L’argument sécuritaire au détriment de la protection des sources
Alors quand la loi C-51 a été proposée puis est rapidement passée en Chambre des communes, la problématique de la liberté de la presse s’est encore posée. « C’est une préoccupation légitime pour les journalistes. Il s’agit de savoir si on est espionné ou pas. » résume Daniel Leblanc qui avoue ne pas s’être davantage penché sur la question. Le gouvernement passe-t-il par l’argument de la sécurité pour réduire la capacité d’action des journalistes ? Selon la porte-parole de la Sécurité publique du Canada, Josée Sirois, le projet de loi anti-terrorisme n’a rien à voir là-dedans : « ce projet de loi assure que des garanties suffisantes sont en place pour protéger les droits des Canadiens en renforçant la protection, le contrôle et la responsabilité. De plus, le Service Canadien de Renseignement de Sécurité n’est pas autorisé à enquêter sur les activités légales de protestation et de dissidence ». Pourtant Pamela Palmater, directrice de la chaire en gouvernance autochtone à l’Université Ryerson, explique dans un article que la loi C-51 ne vise pas à lutter contre le terrorisme mais à « maintenir les relations de pouvoirs et la structure économique au Canada ». De plus, les conservateurs veulent faciliter l’échange d’informations entre les différentes agences liées à la sécurité publique. Plusieurs violations de la loi sur l’accès à l’information ont été dénoncées par les citoyens canadiens. Ces derniers contestent aussi le projet de loi anti-terrorisme qu’ils jugent trop vaste et qui met en danger leur liberté d’expression.

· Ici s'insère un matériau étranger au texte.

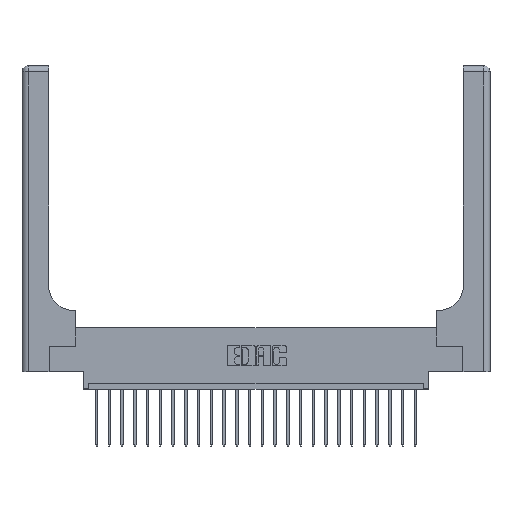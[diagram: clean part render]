
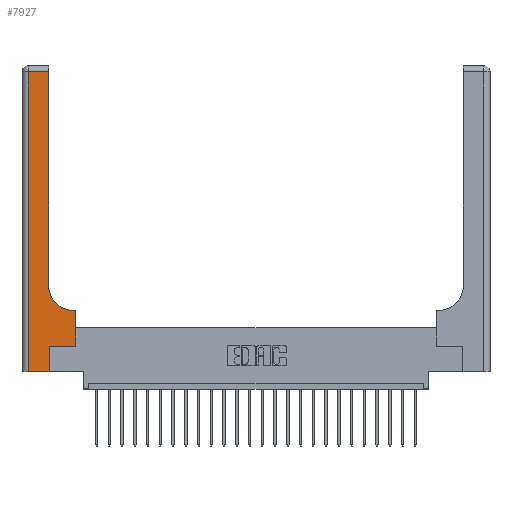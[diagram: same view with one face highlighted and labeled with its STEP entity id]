
A CAD part, top view. The second image highlights one B-rep face of the part: STEP entity #7927.
In plain terms, the highlighted planar face has unit normal (0, 0, 1).
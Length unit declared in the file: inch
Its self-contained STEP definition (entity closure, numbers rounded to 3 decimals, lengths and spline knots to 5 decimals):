
#685 = CARTESIAN_POINT ( 'NONE',  ( 0.528, 0.25, 0.37 ) ) ;
#925 = CARTESIAN_POINT ( 'NONE',  ( 0.51, 0.85, 0.37 ) ) ;
#1080 = LINE ( 'NONE', #8448, #22662 ) ;
#1171 = DIRECTION ( 'NONE',  ( 1., 0., 0. ) ) ;
#1214 = EDGE_CURVE ( 'NONE', #18538, #21991, #4673, .T. ) ;
#1424 = CARTESIAN_POINT ( 'NONE',  ( 0.265, 0., 0.37 ) ) ;
#1425 = ORIENTED_EDGE ( 'NONE', *, *, #3777, .T. ) ;
#1538 = DIRECTION ( 'NONE',  ( 0., 1., 0. ) ) ;
#1685 = CARTESIAN_POINT ( 'NONE',  ( 0., 3., 0.37 ) ) ;
#1876 = ORIENTED_EDGE ( 'NONE', *, *, #3947, .T. ) ;
#2084 = LINE ( 'NONE', #13237, #7505 ) ;
#2120 = VERTEX_POINT ( 'NONE', #17100 ) ;
#2653 = VERTEX_POINT ( 'NONE', #5610 ) ;
#3013 = LINE ( 'NONE', #3142, #8560 ) ;
#3142 = CARTESIAN_POINT ( 'NONE',  ( 0.26, 0.6, 0.37 ) ) ;
#3231 = VERTEX_POINT ( 'NONE', #19430 ) ;
#3502 = LINE ( 'NONE', #18293, #22242 ) ;
#3518 = FACE_OUTER_BOUND ( 'NONE', #9793, .T. ) ;
#3777 = EDGE_CURVE ( 'NONE', #13318, #2120, #3502, .T. ) ;
#3829 = LINE ( 'NONE', #7311, #23862 ) ;
#3947 = EDGE_CURVE ( 'NONE', #13691, #13318, #4021, .T. ) ;
#4021 = CIRCLE ( 'NONE', #22259, 0.25 ) ;
#4406 = EDGE_CURVE ( 'NONE', #3231, #9918, #1080, .T. ) ;
#4673 = LINE ( 'NONE', #12303, #6213 ) ;
#4999 = ORIENTED_EDGE ( 'NONE', *, *, #1214, .T. ) ;
#5610 = CARTESIAN_POINT ( 'NONE',  ( 0.528, 0.6, 0.37 ) ) ;
#6213 = VECTOR ( 'NONE', #1171, 39.37008 ) ;
#6298 = LINE ( 'NONE', #19335, #21207 ) ;
#6326 = EDGE_CURVE ( 'NONE', #21991, #2653, #3829, .T. ) ;
#7171 = AXIS2_PLACEMENT_3D ( 'NONE', #1685, #9076, #12826 ) ;
#7311 = CARTESIAN_POINT ( 'NONE',  ( 0.528, 0.25, 0.37 ) ) ;
#7505 = VECTOR ( 'NONE', #13353, 39.37008 ) ;
#7927 = ADVANCED_FACE ( 'NONE', ( #3518 ), #18312, .F. ) ;
#8234 = ORIENTED_EDGE ( 'NONE', *, *, #10029, .T. ) ;
#8448 = CARTESIAN_POINT ( 'NONE',  ( 0., 0., 0.37 ) ) ;
#8560 = VECTOR ( 'NONE', #23822, 39.37008 ) ;
#8975 = CARTESIAN_POINT ( 'NONE',  ( 0.51, 0.6, 0.37 ) ) ;
#9076 = DIRECTION ( 'NONE',  ( 0., 0., -1. ) ) ;
#9147 = DIRECTION ( 'NONE',  ( 0., 0., -1. ) ) ;
#9793 = EDGE_LOOP ( 'NONE', ( #1425, #11039, #15762, #11684, #8234, #4999, #22735, #23591, #1876 ) ) ;
#9918 = VERTEX_POINT ( 'NONE', #23445 ) ;
#10029 = EDGE_CURVE ( 'NONE', #9918, #18538, #20131, .T. ) ;
#11039 = ORIENTED_EDGE ( 'NONE', *, *, #16236, .T. ) ;
#11205 = DIRECTION ( 'NONE',  ( 0., 1., 0. ) ) ;
#11684 = ORIENTED_EDGE ( 'NONE', *, *, #4406, .T. ) ;
#12303 = CARTESIAN_POINT ( 'NONE',  ( 0.265, 0.25, 0.37 ) ) ;
#12826 = DIRECTION ( 'NONE',  ( -1., 0., 0. ) ) ;
#13237 = CARTESIAN_POINT ( 'NONE',  ( 0., 2.94, 0.37 ) ) ;
#13260 = CARTESIAN_POINT ( 'NONE',  ( 0.26, 0.85, 0.37 ) ) ;
#13318 = VERTEX_POINT ( 'NONE', #13260 ) ;
#13353 = DIRECTION ( 'NONE',  ( -1., 0., 0. ) ) ;
#13691 = VERTEX_POINT ( 'NONE', #8975 ) ;
#14596 = CARTESIAN_POINT ( 'NONE',  ( 0.265, 0.25, 0.37 ) ) ;
#15670 = EDGE_CURVE ( 'NONE', #2653, #13691, #3013, .T. ) ;
#15762 = ORIENTED_EDGE ( 'NONE', *, *, #18649, .T. ) ;
#15776 = DIRECTION ( 'NONE',  ( 1., 0., 0. ) ) ;
#16236 = EDGE_CURVE ( 'NONE', #2120, #19317, #2084, .T. ) ;
#16589 = DIRECTION ( 'NONE',  ( 1., 0., 0. ) ) ;
#17100 = CARTESIAN_POINT ( 'NONE',  ( 0.26, 2.94, 0.37 ) ) ;
#17827 = CARTESIAN_POINT ( 'NONE',  ( 0.06, 2.94, 0.37 ) ) ;
#18135 = VECTOR ( 'NONE', #1538, 39.37008 ) ;
#18293 = CARTESIAN_POINT ( 'NONE',  ( 0.26, 3., 0.37 ) ) ;
#18312 = PLANE ( 'NONE',  #7171 ) ;
#18538 = VERTEX_POINT ( 'NONE', #14596 ) ;
#18649 = EDGE_CURVE ( 'NONE', #19317, #3231, #6298, .T. ) ;
#19317 = VERTEX_POINT ( 'NONE', #17827 ) ;
#19335 = CARTESIAN_POINT ( 'NONE',  ( 0.06, 3., 0.37 ) ) ;
#19430 = CARTESIAN_POINT ( 'NONE',  ( 0.06, 0., 0.37 ) ) ;
#20131 = LINE ( 'NONE', #1424, #18135 ) ;
#20922 = DIRECTION ( 'NONE',  ( 0., -1., 0. ) ) ;
#21207 = VECTOR ( 'NONE', #20922, 39.37008 ) ;
#21991 = VERTEX_POINT ( 'NONE', #685 ) ;
#22242 = VECTOR ( 'NONE', #23472, 39.37008 ) ;
#22259 = AXIS2_PLACEMENT_3D ( 'NONE', #925, #9147, #16589 ) ;
#22662 = VECTOR ( 'NONE', #15776, 39.37008 ) ;
#22735 = ORIENTED_EDGE ( 'NONE', *, *, #6326, .T. ) ;
#23445 = CARTESIAN_POINT ( 'NONE',  ( 0.265, 0., 0.37 ) ) ;
#23472 = DIRECTION ( 'NONE',  ( 0., 1., 0. ) ) ;
#23591 = ORIENTED_EDGE ( 'NONE', *, *, #15670, .T. ) ;
#23822 = DIRECTION ( 'NONE',  ( -1., 0., 0. ) ) ;
#23862 = VECTOR ( 'NONE', #11205, 39.37008 ) ;

Manifestations des citoyens canadiens contre le projet de loi C-51
En ce début de mois de mars 2015, on apprend que le Globe and Mail va bientôt adopter une plateforme sécurisée, SecureDrop, afin de crypter les communications pour transmettre des informations secrètes. Coïncidence ? Difficile de savoir encore exactement si la loi aura un impact sur le travail des journalistes. Mais il est certain que la loi est en continuité avec les mesures de restriction prises par le gouvernement conservateur depuis une dizaine d’années. Et de même, quand on demande des commentaires à des députés conservateurs sur la protection des sources en rapport avec le projet de loi C-51, aucune réponse. A croire que les journalistes dérangent bien le gouvernement Harper.